Comparing YANA — Yet Another Network Analyzer vs. Traditional Tools

Advanced Features of YANA (Yet Another Network Analyzer): Filters, Dashboards, and AlertsYANA (Yet Another Network Analyzer) is a modern, flexible tool designed for network engineers, security analysts, and operations teams who need fast, accurate insights into traffic, performance, and anomalies. While the core of YANA focuses on packet capture and basic protocol decoding, its advanced feature set — particularly filters, dashboards, and alerts — is what makes it stand out in production environments.
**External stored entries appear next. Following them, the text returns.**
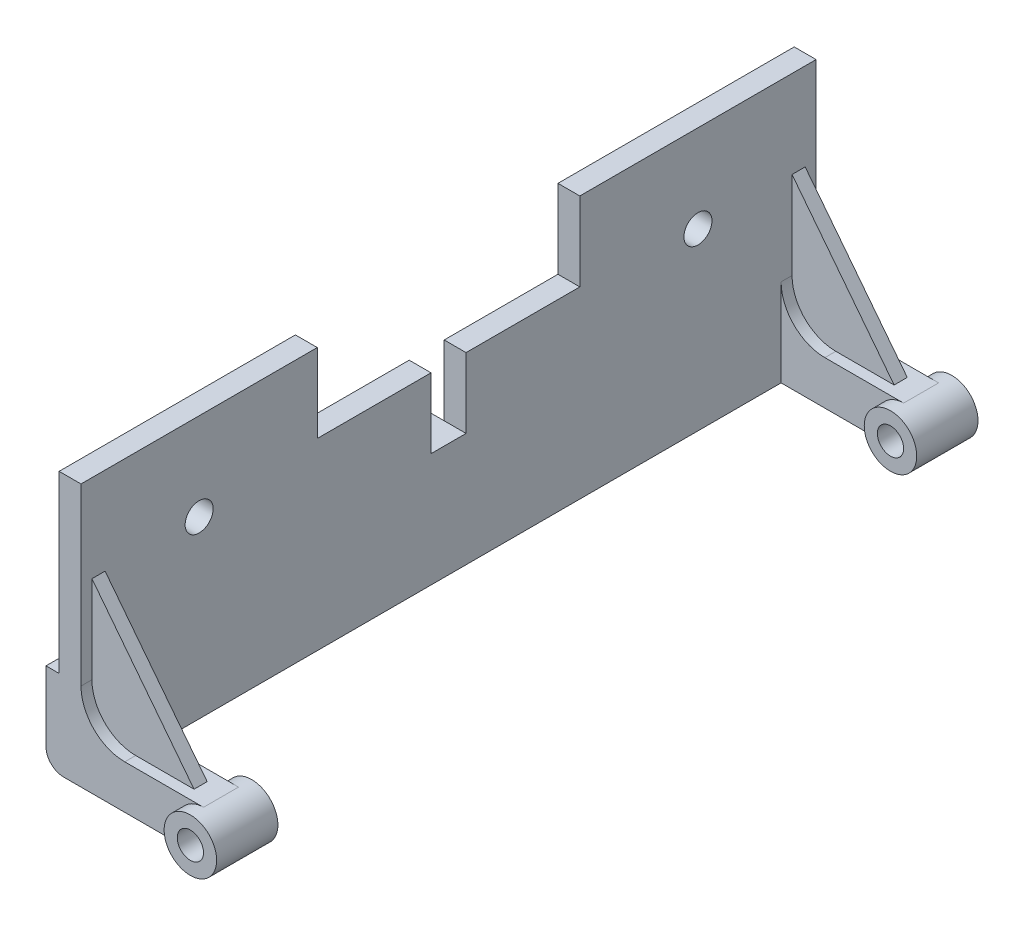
ISO-10303-21;
HEADER;
FILE_DESCRIPTION(('STEP AP214'),'2;1');
FILE_NAME('part.step','',(''),(''),'','','');
FILE_SCHEMA(('AUTOMOTIVE_DESIGN { 1 0 10303 214 1 1 1 1 }'));
ENDSEC;
DATA;
#1=APPLICATION_CONTEXT('core data for automotive mechanical design processes');
#2=APPLICATION_PROTOCOL_DEFINITION('international standard','automotive_design',2000,#1);
#3=PRODUCT_CONTEXT('',#1,'mechanical');
#4=PRODUCT('Part','Part','',(#3));
#5=PRODUCT_RELATED_PRODUCT_CATEGORY('part','',(#4));
#6=PRODUCT_DEFINITION_FORMATION('','',#4);
#7=PRODUCT_DEFINITION_CONTEXT('part definition',#1,'design');
#8=PRODUCT_DEFINITION('design','',#6,#7);
#9=PRODUCT_DEFINITION_SHAPE('','',#8);
#10=(LENGTH_UNIT() NAMED_UNIT(*) SI_UNIT(.MILLI.,.METRE.));
#11=(NAMED_UNIT(*) PLANE_ANGLE_UNIT() SI_UNIT($,.RADIAN.));
#12=(NAMED_UNIT(*) SI_UNIT($,.STERADIAN.) SOLID_ANGLE_UNIT());
#13=UNCERTAINTY_MEASURE_WITH_UNIT(LENGTH_MEASURE(1.E-05),#10,'distance_accuracy_value','');
#14=(GEOMETRIC_REPRESENTATION_CONTEXT(3) GLOBAL_UNCERTAINTY_ASSIGNED_CONTEXT((#13)) GLOBAL_UNIT_ASSIGNED_CONTEXT((#10,
#11,#12)) REPRESENTATION_CONTEXT('',''));
#15=CARTESIAN_POINT('',(0.,0.,0.));
#16=DIRECTION('',(0.,0.,1.));
#17=DIRECTION('',(1.,0.,0.));
#18=AXIS2_PLACEMENT_3D('',#15,#16,#17);
#19=CARTESIAN_POINT('',(-18.,8.,42.));
#20=DIRECTION('',(0.,1.,0.));
#21=DIRECTION('',(0.,0.,1.));
#22=AXIS2_PLACEMENT_3D('',#19,#20,#21);
#23=PLANE('',#22);
#24=DIRECTION('',(0.,0.,-1.));
#25=VECTOR('',#24,1.);
#26=CARTESIAN_POINT('',(-16.5,8.,42.));
#27=LINE('',#26,#25);
#28=CARTESIAN_POINT('',(-16.5,8.,42.));
#29=VERTEX_POINT('',#28);
#30=CARTESIAN_POINT('',(-16.5,8.,2.00000000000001));
#31=VERTEX_POINT('',#30);
#32=EDGE_CURVE('E281',#29,#31,#27,.T.);
#33=ORIENTED_EDGE('',*,*,#32,.T.);
#34=DIRECTION('',(1.,0.,0.));
#35=VECTOR('',#34,1.);
#36=CARTESIAN_POINT('',(-23.,7.99999999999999,2.00000000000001));
#37=LINE('',#36,#35);
#38=CARTESIAN_POINT('',(-18.,7.99999999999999,2.00000000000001));
#39=VERTEX_POINT('',#38);
#40=EDGE_CURVE('E275',#39,#31,#37,.T.);
#41=ORIENTED_EDGE('',*,*,#40,.F.);
#42=DIRECTION('',(0.,0.,-1.));
#43=VECTOR('',#42,1.);
#44=CARTESIAN_POINT('',(-18.,8.,42.));
#45=LINE('',#44,#43);
#46=CARTESIAN_POINT('',(-18.,8.,42.));
#47=VERTEX_POINT('',#46);
#48=EDGE_CURVE('E290',#47,#39,#45,.T.);
#49=ORIENTED_EDGE('',*,*,#48,.F.);
#50=DIRECTION('',(1.,0.,0.));
#51=VECTOR('',#50,1.);
#52=CARTESIAN_POINT('',(-18.,8.,42.));
#53=LINE('',#52,#51);
#54=EDGE_CURVE('E558',#47,#29,#53,.T.);
#55=ORIENTED_EDGE('',*,*,#54,.T.);
#56=EDGE_LOOP('',(#33,#41,#49,#55));
#57=FACE_BOUND('',#56,.T.);
#58=ADVANCED_FACE('F32',(#57),#23,.T.);
#59=CARTESIAN_POINT('',(-18.,8.,-2.));
#60=VERTEX_POINT('',#59);
#61=CARTESIAN_POINT('',(-18.,8.,-42.));
#62=VERTEX_POINT('',#61);
#63=EDGE_CURVE('E273',#60,#62,#45,.T.);
#64=ORIENTED_EDGE('',*,*,#63,.F.);
#65=DIRECTION('',(1.,0.,0.));
#66=VECTOR('',#65,1.);
#67=CARTESIAN_POINT('',(-23.,7.99999999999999,-2.));
#68=LINE('',#67,#66);
#69=CARTESIAN_POINT('',(-16.5,8.,-2.));
#70=VERTEX_POINT('',#69);
#71=EDGE_CURVE('E258',#60,#70,#68,.T.);
#72=ORIENTED_EDGE('',*,*,#71,.T.);
#73=CARTESIAN_POINT('',(-16.5,8.,-42.));
#74=VERTEX_POINT('',#73);
#75=EDGE_CURVE('E271',#70,#74,#27,.T.);
#76=ORIENTED_EDGE('',*,*,#75,.T.);
#77=DIRECTION('',(1.,0.,0.));
#78=VECTOR('',#77,1.);
#79=CARTESIAN_POINT('',(-18.,8.,-42.));
#80=LINE('',#79,#78);
#81=EDGE_CURVE('E488',#62,#74,#80,.T.);
#82=ORIENTED_EDGE('',*,*,#81,.F.);
#83=EDGE_LOOP('',(#64,#72,#76,#82));
#84=FACE_BOUND('',#83,.T.);
#85=ADVANCED_FACE('F269',(#84),#23,.T.);
#86=CARTESIAN_POINT('',(-16.5,28.,42.));
#87=DIRECTION('',(-1.,0.,0.));
#88=DIRECTION('',(0.,-1.,0.));
#89=AXIS2_PLACEMENT_3D('',#86,#87,#88);
#90=PLANE('',#89);
#91=CARTESIAN_POINT('',(-16.5,18.,28.5));
#92=DIRECTION('',(-1.,0.,0.));
#93=DIRECTION('',(0.,-1.,0.));
#94=AXIS2_PLACEMENT_3D('',#91,#92,#93);
#95=CIRCLE('',#94,1.6);
#96=CARTESIAN_POINT('',(-16.5,16.4,28.5));
#97=VERTEX_POINT('',#96);
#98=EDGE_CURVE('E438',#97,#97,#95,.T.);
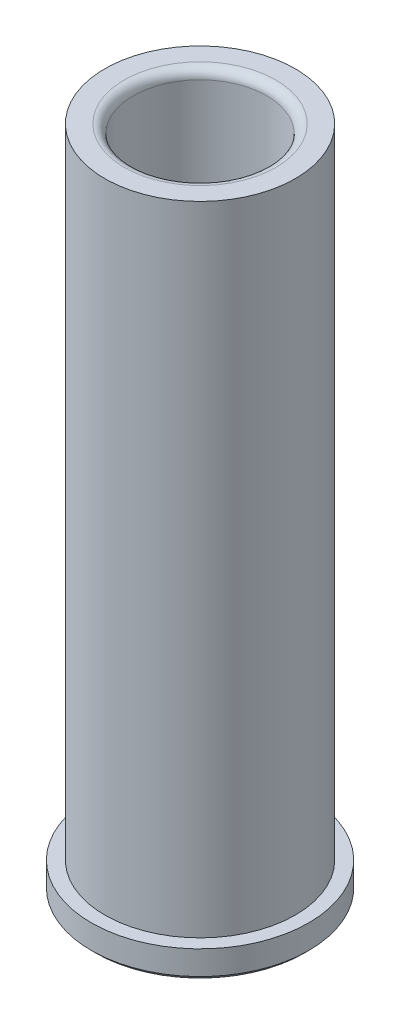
from build123d import *

# Parameters (mm, degrees)
FILLET1_R = 1.524


with BuildPart() as part:
    # Sketch1 → Revolve1 (revolve)
    with BuildSketch(Plane.XY, mode=Mode.PRIVATE) as revolve1_sk:
        Polygon((-17.3609, 0), (-18.1229, 0.762), (-18.1229, 4.7625), (-15.88135, 4.7625), (-15.88135, 111.125), (-11.11885, 111.125), (-11.11885, 0.762), (-11.88085, 0), align=None)
    revolve(revolve1_sk.sketch.rotate(Axis((0, -1000, 0), (0, 1, 0)), 180), axis=Axis((0, -1000, 0), (0, 1, 0)))

    # Fillet1
    fillet1_edges = [part.edges().sort_by_distance(p)[0] for p in [
        (-11.11885, 111.125, 0),
    ]]
    fillet(fillet1_edges, radius=FILLET1_R)


solid = part.part

This article explores these advanced capabilities in detail, shows how they fit into real-world workflows, and gives practical tips for getting the most out of YANA.


Table of Contents

  • Introduction to YANA’s advanced functionality
  • Flexible and expressive filtering
    • Capture vs. display filters
    • Filter language and operators
    • Examples and use cases
  • Dashboards: visualizing network state
    • Widgets and layout components
    • Building dashboards for troubleshooting, performance, and security
    • Reusable templates and role-based views
  • Alerts: staying ahead of problems
    • Alert types and severity levels
    • Thresholds, anomaly detection, and enrichment
    • Notification channels and escalation
  • Integration and automation
    • APIs and webhooks
    • SIEM and ticketing integrations
  • Performance considerations and scaling
  • Best practices and example workflows
  • Conclusion

Introduction to YANA’s advanced functionality

YANA aims to provide engineers with both raw visibility and higher-level context. Advanced features — filters for precise selection, dashboards for situational awareness, and alerts for proactive operations — help teams move from reactive troubleshooting to proactive monitoring. Each component is designed to be composable: filters power dashboards and alerts; dashboards can embed alert summaries and live packet views; alerts can trigger workflows that use YANA’s API to capture more data.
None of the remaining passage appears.